Work instruction → Return the records below from the line containing "87.63 12.7 180)" onward, exactly, through and including the last line.

Material to process →
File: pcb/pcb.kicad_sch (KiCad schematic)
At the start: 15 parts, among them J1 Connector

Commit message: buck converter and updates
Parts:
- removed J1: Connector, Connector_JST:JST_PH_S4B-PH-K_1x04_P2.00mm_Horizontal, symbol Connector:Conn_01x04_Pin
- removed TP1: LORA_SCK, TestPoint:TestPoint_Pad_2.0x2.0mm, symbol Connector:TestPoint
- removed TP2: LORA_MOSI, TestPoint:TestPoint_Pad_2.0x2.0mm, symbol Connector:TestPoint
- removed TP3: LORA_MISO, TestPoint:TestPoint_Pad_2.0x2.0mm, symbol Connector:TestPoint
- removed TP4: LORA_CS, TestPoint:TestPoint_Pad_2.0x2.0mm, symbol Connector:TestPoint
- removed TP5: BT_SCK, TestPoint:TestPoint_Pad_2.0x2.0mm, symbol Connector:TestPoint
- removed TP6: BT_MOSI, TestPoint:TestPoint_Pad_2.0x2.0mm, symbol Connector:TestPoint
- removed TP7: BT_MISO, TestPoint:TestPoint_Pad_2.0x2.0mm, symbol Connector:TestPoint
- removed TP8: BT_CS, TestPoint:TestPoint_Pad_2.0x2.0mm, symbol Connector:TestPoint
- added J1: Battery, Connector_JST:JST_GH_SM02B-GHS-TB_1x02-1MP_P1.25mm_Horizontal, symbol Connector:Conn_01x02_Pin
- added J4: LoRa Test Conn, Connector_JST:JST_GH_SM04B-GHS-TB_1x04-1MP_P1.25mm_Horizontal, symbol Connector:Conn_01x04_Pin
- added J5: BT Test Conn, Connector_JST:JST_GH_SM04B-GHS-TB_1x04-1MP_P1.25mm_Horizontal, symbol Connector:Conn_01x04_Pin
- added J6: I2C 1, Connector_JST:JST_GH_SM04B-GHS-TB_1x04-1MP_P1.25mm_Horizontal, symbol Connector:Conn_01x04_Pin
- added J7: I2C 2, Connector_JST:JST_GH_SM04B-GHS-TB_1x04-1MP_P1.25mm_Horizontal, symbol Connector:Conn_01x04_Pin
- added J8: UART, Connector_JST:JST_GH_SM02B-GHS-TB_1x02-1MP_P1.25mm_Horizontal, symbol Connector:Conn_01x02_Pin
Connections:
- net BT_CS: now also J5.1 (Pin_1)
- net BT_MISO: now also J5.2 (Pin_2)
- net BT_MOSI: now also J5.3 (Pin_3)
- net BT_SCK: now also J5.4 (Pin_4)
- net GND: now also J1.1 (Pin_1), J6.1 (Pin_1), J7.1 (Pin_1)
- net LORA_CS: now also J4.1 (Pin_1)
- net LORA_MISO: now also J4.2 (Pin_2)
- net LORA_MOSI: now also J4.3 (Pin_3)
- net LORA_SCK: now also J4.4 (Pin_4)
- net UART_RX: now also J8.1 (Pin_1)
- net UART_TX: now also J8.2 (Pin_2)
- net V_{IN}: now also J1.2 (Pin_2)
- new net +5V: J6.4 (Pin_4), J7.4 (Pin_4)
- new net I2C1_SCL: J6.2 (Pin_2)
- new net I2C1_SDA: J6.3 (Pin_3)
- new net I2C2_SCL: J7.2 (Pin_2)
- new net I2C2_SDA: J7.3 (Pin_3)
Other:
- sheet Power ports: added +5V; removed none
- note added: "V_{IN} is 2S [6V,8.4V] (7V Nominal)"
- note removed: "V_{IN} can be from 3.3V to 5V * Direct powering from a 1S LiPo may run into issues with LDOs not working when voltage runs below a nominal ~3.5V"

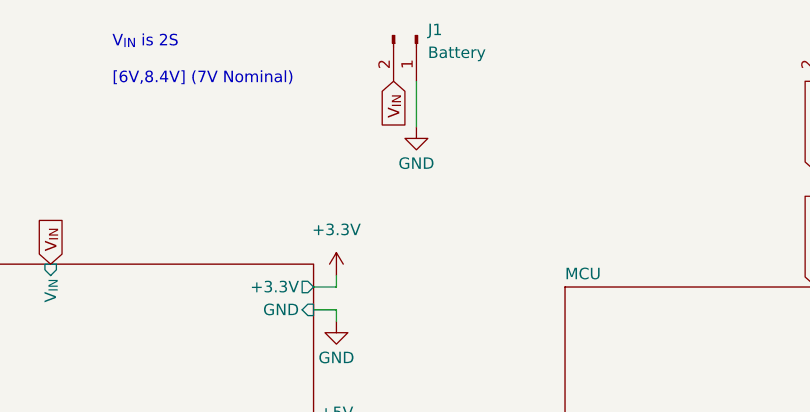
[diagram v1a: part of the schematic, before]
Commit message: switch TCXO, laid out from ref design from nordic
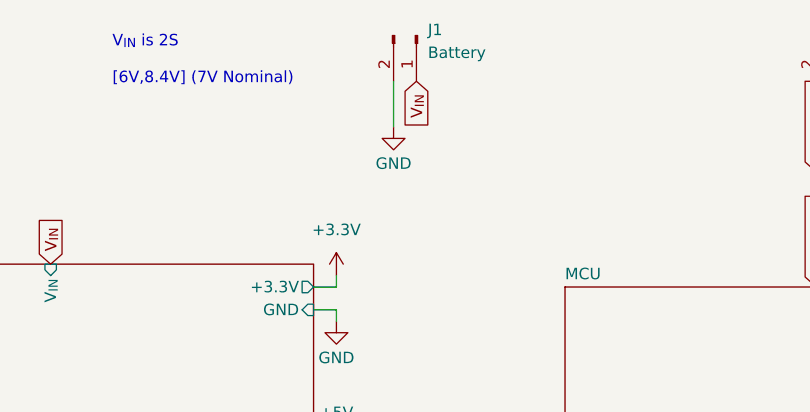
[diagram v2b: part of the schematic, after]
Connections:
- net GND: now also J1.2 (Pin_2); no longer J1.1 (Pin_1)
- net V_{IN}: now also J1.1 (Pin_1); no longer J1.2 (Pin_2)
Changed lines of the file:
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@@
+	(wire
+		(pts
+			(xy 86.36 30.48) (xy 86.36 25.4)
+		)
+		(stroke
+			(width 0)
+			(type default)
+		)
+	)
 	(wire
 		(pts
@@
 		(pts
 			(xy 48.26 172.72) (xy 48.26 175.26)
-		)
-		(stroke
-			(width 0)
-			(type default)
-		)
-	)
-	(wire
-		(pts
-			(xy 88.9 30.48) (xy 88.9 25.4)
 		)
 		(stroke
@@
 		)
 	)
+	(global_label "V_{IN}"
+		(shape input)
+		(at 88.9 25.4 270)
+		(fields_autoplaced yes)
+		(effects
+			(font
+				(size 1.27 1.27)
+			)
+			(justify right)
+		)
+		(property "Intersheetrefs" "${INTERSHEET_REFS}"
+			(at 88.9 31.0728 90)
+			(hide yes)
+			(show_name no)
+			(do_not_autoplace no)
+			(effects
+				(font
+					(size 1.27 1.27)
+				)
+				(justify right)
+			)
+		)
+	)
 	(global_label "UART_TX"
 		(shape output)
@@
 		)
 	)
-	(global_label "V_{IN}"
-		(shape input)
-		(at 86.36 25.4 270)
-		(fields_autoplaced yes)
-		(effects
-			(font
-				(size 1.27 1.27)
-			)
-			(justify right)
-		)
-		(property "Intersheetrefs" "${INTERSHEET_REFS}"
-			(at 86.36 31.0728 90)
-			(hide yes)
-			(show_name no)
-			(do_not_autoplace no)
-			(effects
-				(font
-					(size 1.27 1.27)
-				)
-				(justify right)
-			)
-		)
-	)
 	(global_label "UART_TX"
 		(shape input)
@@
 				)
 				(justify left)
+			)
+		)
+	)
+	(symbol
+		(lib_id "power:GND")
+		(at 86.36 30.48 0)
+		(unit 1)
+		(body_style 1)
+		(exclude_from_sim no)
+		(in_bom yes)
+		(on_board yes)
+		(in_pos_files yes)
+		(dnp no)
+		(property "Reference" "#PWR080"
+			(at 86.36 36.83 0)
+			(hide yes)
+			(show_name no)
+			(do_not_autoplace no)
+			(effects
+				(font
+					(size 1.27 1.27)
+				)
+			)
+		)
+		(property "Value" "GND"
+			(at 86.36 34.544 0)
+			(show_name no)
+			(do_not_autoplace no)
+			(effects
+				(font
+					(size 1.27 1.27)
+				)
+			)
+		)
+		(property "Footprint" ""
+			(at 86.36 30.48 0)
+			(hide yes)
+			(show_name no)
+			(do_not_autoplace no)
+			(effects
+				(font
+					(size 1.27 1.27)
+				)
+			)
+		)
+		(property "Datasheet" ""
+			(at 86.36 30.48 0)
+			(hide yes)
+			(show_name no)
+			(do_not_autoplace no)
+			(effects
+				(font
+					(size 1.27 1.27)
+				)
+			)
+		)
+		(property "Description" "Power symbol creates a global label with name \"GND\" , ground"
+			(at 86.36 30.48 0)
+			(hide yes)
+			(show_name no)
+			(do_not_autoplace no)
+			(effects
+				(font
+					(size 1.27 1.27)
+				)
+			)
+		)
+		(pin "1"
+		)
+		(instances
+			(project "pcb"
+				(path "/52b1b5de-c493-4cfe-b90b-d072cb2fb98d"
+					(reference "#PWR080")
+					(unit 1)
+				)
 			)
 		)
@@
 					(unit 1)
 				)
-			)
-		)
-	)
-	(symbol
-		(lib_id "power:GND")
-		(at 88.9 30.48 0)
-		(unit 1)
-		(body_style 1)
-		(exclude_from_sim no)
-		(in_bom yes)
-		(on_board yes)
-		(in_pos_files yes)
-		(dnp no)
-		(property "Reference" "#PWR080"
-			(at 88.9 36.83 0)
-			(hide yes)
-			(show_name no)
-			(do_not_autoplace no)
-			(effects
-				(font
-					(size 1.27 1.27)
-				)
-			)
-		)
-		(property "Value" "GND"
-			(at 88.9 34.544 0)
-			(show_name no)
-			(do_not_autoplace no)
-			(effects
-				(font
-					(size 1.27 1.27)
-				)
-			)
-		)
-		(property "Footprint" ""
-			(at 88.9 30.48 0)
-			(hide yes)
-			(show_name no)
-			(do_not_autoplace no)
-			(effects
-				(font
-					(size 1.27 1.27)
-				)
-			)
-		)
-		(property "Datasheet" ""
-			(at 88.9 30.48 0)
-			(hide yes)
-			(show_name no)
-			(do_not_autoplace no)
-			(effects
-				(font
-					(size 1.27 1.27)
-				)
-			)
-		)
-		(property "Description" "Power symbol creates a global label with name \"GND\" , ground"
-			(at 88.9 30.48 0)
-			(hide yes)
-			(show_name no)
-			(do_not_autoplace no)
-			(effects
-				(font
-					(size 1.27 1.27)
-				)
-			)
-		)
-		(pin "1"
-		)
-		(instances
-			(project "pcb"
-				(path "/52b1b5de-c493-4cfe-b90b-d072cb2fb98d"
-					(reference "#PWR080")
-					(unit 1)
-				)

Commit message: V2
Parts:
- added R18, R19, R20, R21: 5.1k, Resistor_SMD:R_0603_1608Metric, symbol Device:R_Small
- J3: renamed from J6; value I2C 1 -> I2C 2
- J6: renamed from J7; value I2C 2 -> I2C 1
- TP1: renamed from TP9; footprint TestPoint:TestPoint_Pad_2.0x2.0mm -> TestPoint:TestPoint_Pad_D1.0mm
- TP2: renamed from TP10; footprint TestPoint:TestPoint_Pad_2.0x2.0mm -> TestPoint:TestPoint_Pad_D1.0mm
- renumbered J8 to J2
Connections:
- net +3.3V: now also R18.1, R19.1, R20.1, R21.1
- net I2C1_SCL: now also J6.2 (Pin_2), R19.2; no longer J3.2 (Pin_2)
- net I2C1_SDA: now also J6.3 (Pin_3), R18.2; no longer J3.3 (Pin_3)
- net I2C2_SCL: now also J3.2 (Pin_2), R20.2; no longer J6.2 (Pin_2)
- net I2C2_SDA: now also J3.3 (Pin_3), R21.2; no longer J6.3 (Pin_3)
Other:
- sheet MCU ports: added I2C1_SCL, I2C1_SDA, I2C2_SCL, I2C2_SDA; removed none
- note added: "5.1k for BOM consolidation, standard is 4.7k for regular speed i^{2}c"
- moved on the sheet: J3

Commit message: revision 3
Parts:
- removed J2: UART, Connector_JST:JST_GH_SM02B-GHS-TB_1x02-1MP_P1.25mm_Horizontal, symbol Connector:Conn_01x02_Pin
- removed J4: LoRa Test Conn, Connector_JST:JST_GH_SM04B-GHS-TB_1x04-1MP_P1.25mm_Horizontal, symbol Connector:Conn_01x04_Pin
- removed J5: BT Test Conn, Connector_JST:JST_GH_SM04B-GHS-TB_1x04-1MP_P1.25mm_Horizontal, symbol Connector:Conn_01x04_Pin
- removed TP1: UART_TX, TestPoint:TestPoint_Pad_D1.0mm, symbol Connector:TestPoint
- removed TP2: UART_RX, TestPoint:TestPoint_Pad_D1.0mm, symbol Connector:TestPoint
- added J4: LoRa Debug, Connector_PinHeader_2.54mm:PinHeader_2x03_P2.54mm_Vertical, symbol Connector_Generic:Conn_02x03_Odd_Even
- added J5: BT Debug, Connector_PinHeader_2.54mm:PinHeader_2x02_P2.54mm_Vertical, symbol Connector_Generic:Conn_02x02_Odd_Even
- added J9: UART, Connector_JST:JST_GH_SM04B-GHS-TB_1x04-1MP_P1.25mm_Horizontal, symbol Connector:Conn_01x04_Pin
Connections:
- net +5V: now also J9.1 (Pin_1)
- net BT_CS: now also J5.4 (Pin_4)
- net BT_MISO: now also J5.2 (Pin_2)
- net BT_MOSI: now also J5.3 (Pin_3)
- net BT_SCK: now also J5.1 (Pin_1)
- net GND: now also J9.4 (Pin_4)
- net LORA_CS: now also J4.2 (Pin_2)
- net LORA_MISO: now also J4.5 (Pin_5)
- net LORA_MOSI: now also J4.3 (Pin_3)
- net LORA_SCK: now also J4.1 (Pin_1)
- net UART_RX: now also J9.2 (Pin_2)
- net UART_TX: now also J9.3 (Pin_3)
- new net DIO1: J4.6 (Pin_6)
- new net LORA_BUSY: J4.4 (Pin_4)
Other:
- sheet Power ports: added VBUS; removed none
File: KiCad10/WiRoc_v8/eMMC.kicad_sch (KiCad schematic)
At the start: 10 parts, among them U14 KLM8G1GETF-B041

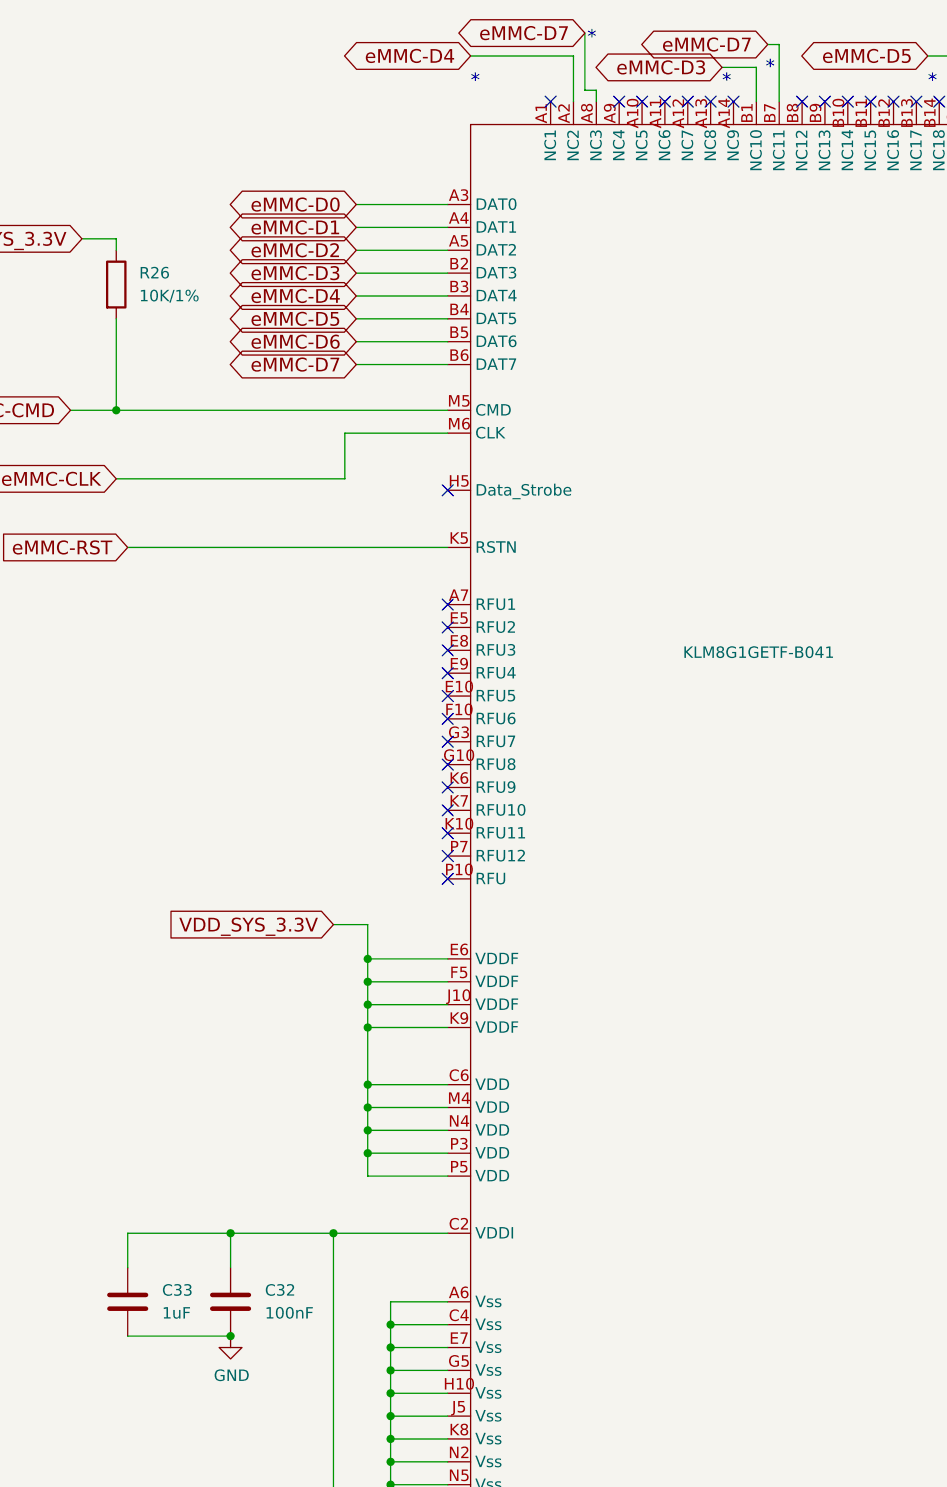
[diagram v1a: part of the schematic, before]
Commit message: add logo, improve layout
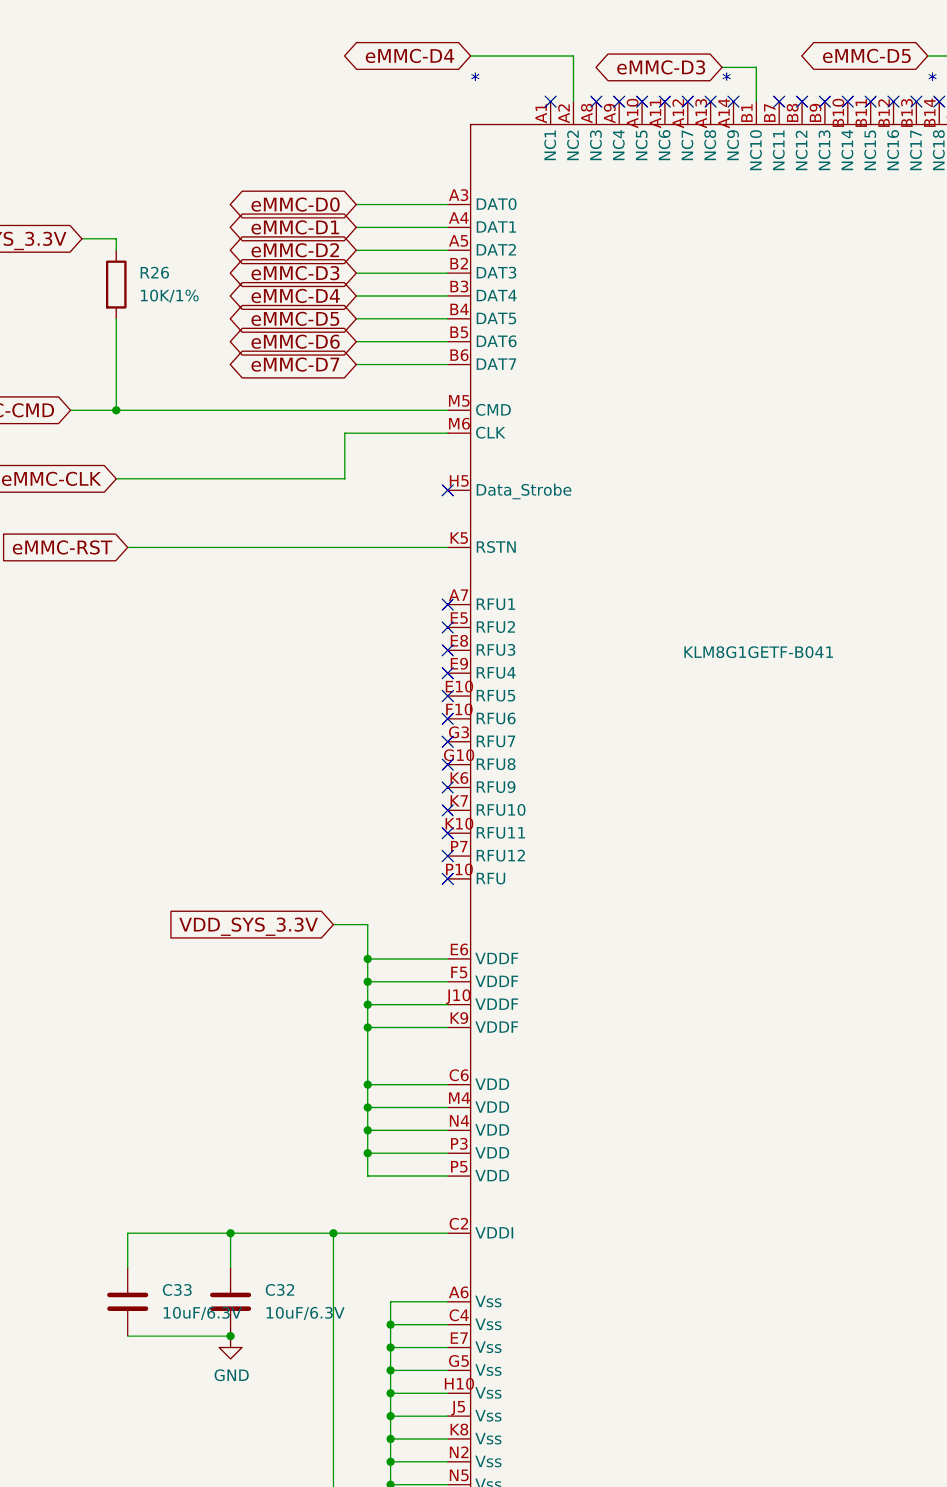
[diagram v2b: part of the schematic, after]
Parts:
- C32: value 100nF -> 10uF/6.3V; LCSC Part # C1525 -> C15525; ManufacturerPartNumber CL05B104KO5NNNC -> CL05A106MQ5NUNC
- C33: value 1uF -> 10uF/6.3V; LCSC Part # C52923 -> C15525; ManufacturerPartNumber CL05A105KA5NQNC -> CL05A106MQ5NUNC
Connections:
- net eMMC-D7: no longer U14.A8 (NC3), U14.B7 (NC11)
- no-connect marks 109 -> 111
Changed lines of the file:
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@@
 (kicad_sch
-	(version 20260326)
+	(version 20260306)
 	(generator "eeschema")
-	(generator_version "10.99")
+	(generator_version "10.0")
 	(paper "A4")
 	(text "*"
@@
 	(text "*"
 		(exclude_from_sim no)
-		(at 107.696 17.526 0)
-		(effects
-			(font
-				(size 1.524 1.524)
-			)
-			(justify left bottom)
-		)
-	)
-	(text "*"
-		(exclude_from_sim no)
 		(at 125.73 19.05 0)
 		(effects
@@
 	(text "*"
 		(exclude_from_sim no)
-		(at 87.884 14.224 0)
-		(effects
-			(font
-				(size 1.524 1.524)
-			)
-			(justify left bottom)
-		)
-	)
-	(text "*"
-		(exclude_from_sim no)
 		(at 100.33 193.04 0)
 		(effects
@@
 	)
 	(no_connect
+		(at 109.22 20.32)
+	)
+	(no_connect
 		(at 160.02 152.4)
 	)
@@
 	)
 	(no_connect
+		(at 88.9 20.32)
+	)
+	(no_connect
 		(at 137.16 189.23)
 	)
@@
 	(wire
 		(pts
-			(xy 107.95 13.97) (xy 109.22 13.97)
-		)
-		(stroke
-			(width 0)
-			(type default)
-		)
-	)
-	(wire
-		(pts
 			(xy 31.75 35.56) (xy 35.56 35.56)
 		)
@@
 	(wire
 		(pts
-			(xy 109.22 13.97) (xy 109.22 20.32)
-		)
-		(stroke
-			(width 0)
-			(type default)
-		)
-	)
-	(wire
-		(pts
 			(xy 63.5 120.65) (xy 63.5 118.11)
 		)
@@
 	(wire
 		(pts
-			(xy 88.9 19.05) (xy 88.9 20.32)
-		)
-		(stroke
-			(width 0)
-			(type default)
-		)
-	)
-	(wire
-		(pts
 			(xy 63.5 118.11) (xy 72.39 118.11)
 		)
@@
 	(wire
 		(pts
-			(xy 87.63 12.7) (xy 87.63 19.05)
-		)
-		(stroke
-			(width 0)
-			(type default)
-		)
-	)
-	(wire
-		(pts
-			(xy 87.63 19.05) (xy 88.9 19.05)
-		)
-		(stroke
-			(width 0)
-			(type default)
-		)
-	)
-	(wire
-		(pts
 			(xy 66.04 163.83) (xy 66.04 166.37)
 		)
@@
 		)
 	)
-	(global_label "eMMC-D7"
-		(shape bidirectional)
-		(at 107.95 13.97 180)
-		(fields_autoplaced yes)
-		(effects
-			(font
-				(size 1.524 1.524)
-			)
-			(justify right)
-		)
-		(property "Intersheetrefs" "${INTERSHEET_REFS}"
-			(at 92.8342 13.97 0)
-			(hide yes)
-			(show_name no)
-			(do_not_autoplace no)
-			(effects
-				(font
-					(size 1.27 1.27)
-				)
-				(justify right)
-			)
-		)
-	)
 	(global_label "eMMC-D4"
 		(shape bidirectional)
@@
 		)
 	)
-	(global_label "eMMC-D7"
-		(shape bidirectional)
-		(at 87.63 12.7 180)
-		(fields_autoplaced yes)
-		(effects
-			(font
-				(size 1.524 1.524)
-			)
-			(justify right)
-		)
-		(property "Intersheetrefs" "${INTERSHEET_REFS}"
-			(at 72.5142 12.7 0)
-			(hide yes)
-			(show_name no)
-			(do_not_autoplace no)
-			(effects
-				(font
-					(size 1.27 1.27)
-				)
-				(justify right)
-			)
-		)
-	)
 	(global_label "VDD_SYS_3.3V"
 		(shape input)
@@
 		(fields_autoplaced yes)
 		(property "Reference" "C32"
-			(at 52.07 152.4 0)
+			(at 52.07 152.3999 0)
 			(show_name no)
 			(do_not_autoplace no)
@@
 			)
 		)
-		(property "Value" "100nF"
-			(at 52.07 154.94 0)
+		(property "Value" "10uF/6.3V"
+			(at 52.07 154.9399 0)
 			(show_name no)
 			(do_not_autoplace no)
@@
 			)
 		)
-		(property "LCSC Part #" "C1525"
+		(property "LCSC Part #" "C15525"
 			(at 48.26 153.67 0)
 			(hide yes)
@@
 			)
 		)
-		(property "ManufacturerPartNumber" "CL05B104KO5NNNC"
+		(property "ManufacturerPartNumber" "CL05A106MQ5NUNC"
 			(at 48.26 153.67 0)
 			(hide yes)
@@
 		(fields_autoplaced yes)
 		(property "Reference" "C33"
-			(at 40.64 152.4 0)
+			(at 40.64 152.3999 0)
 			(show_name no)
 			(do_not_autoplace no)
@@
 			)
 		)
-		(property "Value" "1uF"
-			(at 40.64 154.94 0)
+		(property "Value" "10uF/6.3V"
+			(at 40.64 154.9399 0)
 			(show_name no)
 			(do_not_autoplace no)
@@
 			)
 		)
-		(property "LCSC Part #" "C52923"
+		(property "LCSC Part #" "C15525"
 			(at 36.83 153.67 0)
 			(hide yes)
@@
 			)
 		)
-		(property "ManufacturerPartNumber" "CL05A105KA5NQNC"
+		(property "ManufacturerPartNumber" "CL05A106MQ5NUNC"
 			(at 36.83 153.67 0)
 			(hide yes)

Task response →
-		(at 87.63 12.7 180)
-		(fields_autoplaced yes)
-		(effects
-			(font
-				(size 1.524 1.524)
-			)
-			(justify right)
-		)
-		(property "Intersheetrefs" "${INTERSHEET_REFS}"
-			(at 72.5142 12.7 0)
-			(hide yes)
-			(show_name no)
-			(do_not_autoplace no)
-			(effects
-				(font
-					(size 1.27 1.27)
-				)
-				(justify right)
-			)
-		)
-	)
 	(global_label "VDD_SYS_3.3V"
 		(shape input)
@@
 		(fields_autoplaced yes)
 		(property "Reference" "C32"
-			(at 52.07 152.4 0)
+			(at 52.07 152.3999 0)
 			(show_name no)
 			(do_not_autoplace no)
@@
 			)
 		)
-		(property "Value" "100nF"
-			(at 52.07 154.94 0)
+		(property "Value" "10uF/6.3V"
+			(at 52.07 154.9399 0)
 			(show_name no)
 			(do_not_autoplace no)
@@
 			)
 		)
-		(property "LCSC Part #" "C1525"
+		(property "LCSC Part #" "C15525"
 			(at 48.26 153.67 0)
 			(hide yes)
@@
 			)
 		)
-		(property "ManufacturerPartNumber" "CL05B104KO5NNNC"
+		(property "ManufacturerPartNumber" "CL05A106MQ5NUNC"
 			(at 48.26 153.67 0)
 			(hide yes)
@@
 		(fields_autoplaced yes)
 		(property "Reference" "C33"
-			(at 40.64 152.4 0)
+			(at 40.64 152.3999 0)
 			(show_name no)
 			(do_not_autoplace no)
@@
 			)
 		)
-		(property "Value" "1uF"
-			(at 40.64 154.94 0)
+		(property "Value" "10uF/6.3V"
+			(at 40.64 154.9399 0)
 			(show_name no)
 			(do_not_autoplace no)
@@
 			)
 		)
-		(property "LCSC Part #" "C52923"
+		(property "LCSC Part #" "C15525"
 			(at 36.83 153.67 0)
 			(hide yes)
@@
 			)
 		)
-		(property "ManufacturerPartNumber" "CL05A105KA5NQNC"
+		(property "ManufacturerPartNumber" "CL05A106MQ5NUNC"
 			(at 36.83 153.67 0)
 			(hide yes)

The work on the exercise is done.